Stored items:

-- -- --

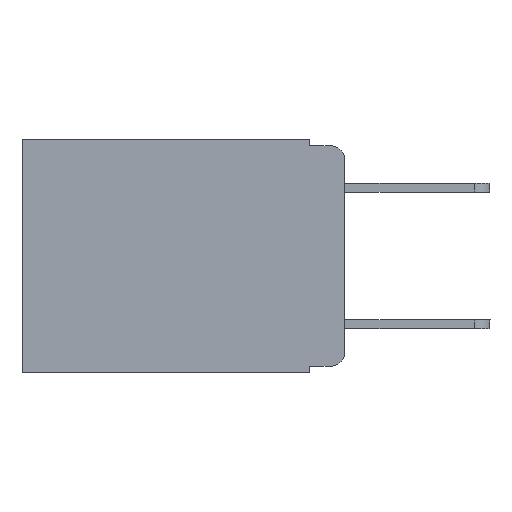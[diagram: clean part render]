
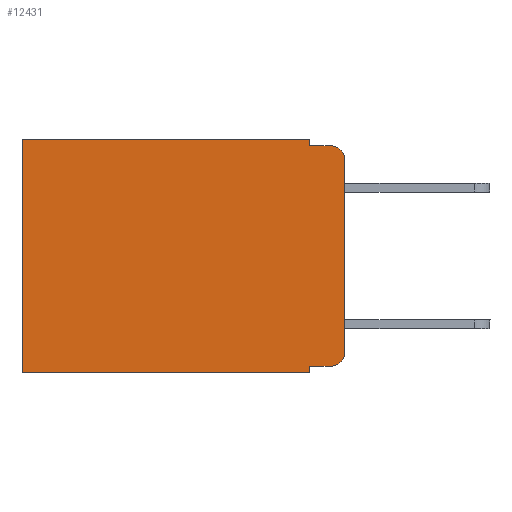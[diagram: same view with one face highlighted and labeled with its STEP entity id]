
A CAD part, left-side view. The second image highlights one B-rep face of the part: STEP entity #12431.
In plain terms, the highlighted planar face has unit normal (-1, 0, 0).
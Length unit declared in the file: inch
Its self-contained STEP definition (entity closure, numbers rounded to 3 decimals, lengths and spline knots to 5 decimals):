
#27 = LINE ( 'NONE', #11619, #3552 ) ;
#47 = CARTESIAN_POINT ( 'NONE',  ( 0.298, 0., 0. ) ) ;
#84 = CARTESIAN_POINT ( 'NONE',  ( 0.298, 0., -0.03 ) ) ;
#146 = EDGE_CURVE ( 'NONE', #15389, #15170, #697, .T. ) ;
#228 = VERTEX_POINT ( 'NONE', #12022 ) ;
#484 = LINE ( 'NONE', #47, #5743 ) ;
#486 = ORIENTED_EDGE ( 'NONE', *, *, #9553, .F. ) ;
#546 = LINE ( 'NONE', #7619, #13143 ) ;
#682 = CARTESIAN_POINT ( 'NONE',  ( 0.298, 0., -0.313 ) ) ;
#697 = LINE ( 'NONE', #2308, #2909 ) ;
#824 = EDGE_CURVE ( 'NONE', #3430, #9838, #484, .T. ) ;
#948 = CARTESIAN_POINT ( 'NONE',  ( 0.298, 0.473, -0.343 ) ) ;
#1314 = VERTEX_POINT ( 'NONE', #1593 ) ;
#1521 = VERTEX_POINT ( 'NONE', #9117 ) ;
#1593 = CARTESIAN_POINT ( 'NONE',  ( 0.298, 0.02, -0.333 ) ) ;
#1698 = ORIENTED_EDGE ( 'NONE', *, *, #6931, .T. ) ;
#1794 = CARTESIAN_POINT ( 'NONE',  ( 0.298, 0.051, -0.333 ) ) ;
#1944 = CARTESIAN_POINT ( 'NONE',  ( 0.298, 0.473, 0. ) ) ;
#2213 = ORIENTED_EDGE ( 'NONE', *, *, #3852, .T. ) ;
#2265 = DIRECTION ( 'NONE',  ( 0., 0., -1. ) ) ;
#2308 = CARTESIAN_POINT ( 'NONE',  ( 0.298, 0., -0.343 ) ) ;
#2546 = CARTESIAN_POINT ( 'NONE',  ( 0.298, 0.051, -0.343 ) ) ;
#2704 = CARTESIAN_POINT ( 'NONE',  ( 0.298, 0.051, -0.01 ) ) ;
#2813 = EDGE_CURVE ( 'NONE', #4627, #15170, #2850, .T. ) ;
#2850 = LINE ( 'NONE', #1944, #13063 ) ;
#2909 = VECTOR ( 'NONE', #7329, 39.37008 ) ;
#2926 = DIRECTION ( 'NONE',  ( 0., 0., -1. ) ) ;
#3029 = EDGE_CURVE ( 'NONE', #3430, #228, #15133, .T. ) ;
#3430 = VERTEX_POINT ( 'NONE', #84 ) ;
#3432 = CARTESIAN_POINT ( 'NONE',  ( 0.298, 0.473, 0. ) ) ;
#3552 = VECTOR ( 'NONE', #10344, 39.37008 ) ;
#3652 = DIRECTION ( 'NONE',  ( 0., 0., -1. ) ) ;
#3852 = EDGE_CURVE ( 'NONE', #8240, #4627, #27, .T. ) ;
#3961 = AXIS2_PLACEMENT_3D ( 'NONE', #8481, #14484, #3652 ) ;
#4010 = DIRECTION ( 'NONE',  ( 0., -1., 0. ) ) ;
#4623 = EDGE_LOOP ( 'NONE', ( #11404, #13851, #486, #14647, #2213, #4652, #8183, #6045, #10953, #1698 ) ) ;
#4627 = VERTEX_POINT ( 'NONE', #3432 ) ;
#4652 = ORIENTED_EDGE ( 'NONE', *, *, #2813, .T. ) ;
#4746 = FACE_OUTER_BOUND ( 'NONE', #4623, .T. ) ;
#5104 = DIRECTION ( 'NONE',  ( 0., -1., 0. ) ) ;
#5354 = LINE ( 'NONE', #15460, #12935 ) ;
#5514 = CARTESIAN_POINT ( 'NONE',  ( 0.298, 0.02, -0.313 ) ) ;
#5694 = EDGE_CURVE ( 'NONE', #12574, #1314, #546, .T. ) ;
#5743 = VECTOR ( 'NONE', #6842, 39.37008 ) ;
#6045 = ORIENTED_EDGE ( 'NONE', *, *, #7389, .F. ) ;
#6695 = VECTOR ( 'NONE', #4010, 39.37008 ) ;
#6842 = DIRECTION ( 'NONE',  ( 0., 0., -1. ) ) ;
#6931 = EDGE_CURVE ( 'NONE', #1314, #9838, #7533, .T. ) ;
#7329 = DIRECTION ( 'NONE',  ( 0., 1., 0. ) ) ;
#7363 = CARTESIAN_POINT ( 'NONE',  ( 0.298, 0., 0. ) ) ;
#7389 = EDGE_CURVE ( 'NONE', #12574, #15389, #15248, .T. ) ;
#7533 = CIRCLE ( 'NONE', #8391, 0.02 ) ;
#7619 = CARTESIAN_POINT ( 'NONE',  ( 0.298, 0.051, -0.333 ) ) ;
#7766 = CARTESIAN_POINT ( 'NONE',  ( 0.298, 0.051, 0. ) ) ;
#8183 = ORIENTED_EDGE ( 'NONE', *, *, #146, .F. ) ;
#8240 = VERTEX_POINT ( 'NONE', #14467 ) ;
#8391 = AXIS2_PLACEMENT_3D ( 'NONE', #5514, #15180, #2926 ) ;
#8481 = CARTESIAN_POINT ( 'NONE',  ( 0.298, 0.02, -0.03 ) ) ;
#8830 = VECTOR ( 'NONE', #13872, 39.37008 ) ;
#9117 = CARTESIAN_POINT ( 'NONE',  ( 0.298, 0.051, -0.01 ) ) ;
#9518 = DIRECTION ( 'NONE',  ( 1., 0., 0. ) ) ;
#9553 = EDGE_CURVE ( 'NONE', #1521, #228, #9890, .T. ) ;
#9838 = VERTEX_POINT ( 'NONE', #682 ) ;
#9890 = LINE ( 'NONE', #2704, #6695 ) ;
#10344 = DIRECTION ( 'NONE',  ( 0., 1., 0. ) ) ;
#10407 = DIRECTION ( 'NONE',  ( 0., 0., -1. ) ) ;
#10769 = DIRECTION ( 'NONE',  ( 0., 0., -1. ) ) ;
#10953 = ORIENTED_EDGE ( 'NONE', *, *, #5694, .T. ) ;
#11404 = ORIENTED_EDGE ( 'NONE', *, *, #824, .F. ) ;
#11619 = CARTESIAN_POINT ( 'NONE',  ( 0.298, 0., 0. ) ) ;
#12022 = CARTESIAN_POINT ( 'NONE',  ( 0.298, 0.02, -0.01 ) ) ;
#12431 = ADVANCED_FACE ( 'NONE', ( #4746 ), #14554, .F. ) ;
#12574 = VERTEX_POINT ( 'NONE', #1794 ) ;
#12882 = EDGE_CURVE ( 'NONE', #8240, #1521, #5354, .T. ) ;
#12935 = VECTOR ( 'NONE', #10769, 39.37008 ) ;
#13063 = VECTOR ( 'NONE', #10407, 39.37008 ) ;
#13143 = VECTOR ( 'NONE', #5104, 39.37008 ) ;
#13259 = AXIS2_PLACEMENT_3D ( 'NONE', #7363, #9518, #2265 ) ;
#13851 = ORIENTED_EDGE ( 'NONE', *, *, #3029, .T. ) ;
#13872 = DIRECTION ( 'NONE',  ( 0., 0., -1. ) ) ;
#14467 = CARTESIAN_POINT ( 'NONE',  ( 0.298, 0.051, 0. ) ) ;
#14484 = DIRECTION ( 'NONE',  ( -1., 0., 0. ) ) ;
#14554 = PLANE ( 'NONE',  #13259 ) ;
#14647 = ORIENTED_EDGE ( 'NONE', *, *, #12882, .F. ) ;
#15133 = CIRCLE ( 'NONE', #3961, 0.02 ) ;
#15170 = VERTEX_POINT ( 'NONE', #948 ) ;
#15180 = DIRECTION ( 'NONE',  ( -1., 0., 0. ) ) ;
#15248 = LINE ( 'NONE', #7766, #8830 ) ;
#15389 = VERTEX_POINT ( 'NONE', #2546 ) ;
#15460 = CARTESIAN_POINT ( 'NONE',  ( 0.298, 0.051, 0. ) ) ;

-- -- --

> WHAT THE TASK REQUIRES
Reproduce the records above from their first line to the line bearing "#228 = VERTEX_POINT ( 'NONE', #12022 ) ;", both ends included, leaving every picture out.

> YOUR SOLUTION
[diagram: clean part render]
[diagram: same view with one face highlighted and labeled with its STEP entity id]
A CAD part, left-side view. The second image highlights one B-rep face of the part: STEP entity #12431.
In plain terms, the highlighted planar face has unit normal (-1, 0, 0).
Length unit declared in the file: inch
Its self-contained STEP definition (entity closure, numbers rounded to 3 decimals, lengths and spline knots to 5 decimals):
#27 = LINE ( 'NONE', #11619, #3552 ) ;
#47 = CARTESIAN_POINT ( 'NONE',  ( 0.298, 0., 0. ) ) ;
#84 = CARTESIAN_POINT ( 'NONE',  ( 0.298, 0., -0.03 ) ) ;
#146 = EDGE_CURVE ( 'NONE', #15389, #15170, #697, .T. ) ;
#228 = VERTEX_POINT ( 'NONE', #12022 ) ;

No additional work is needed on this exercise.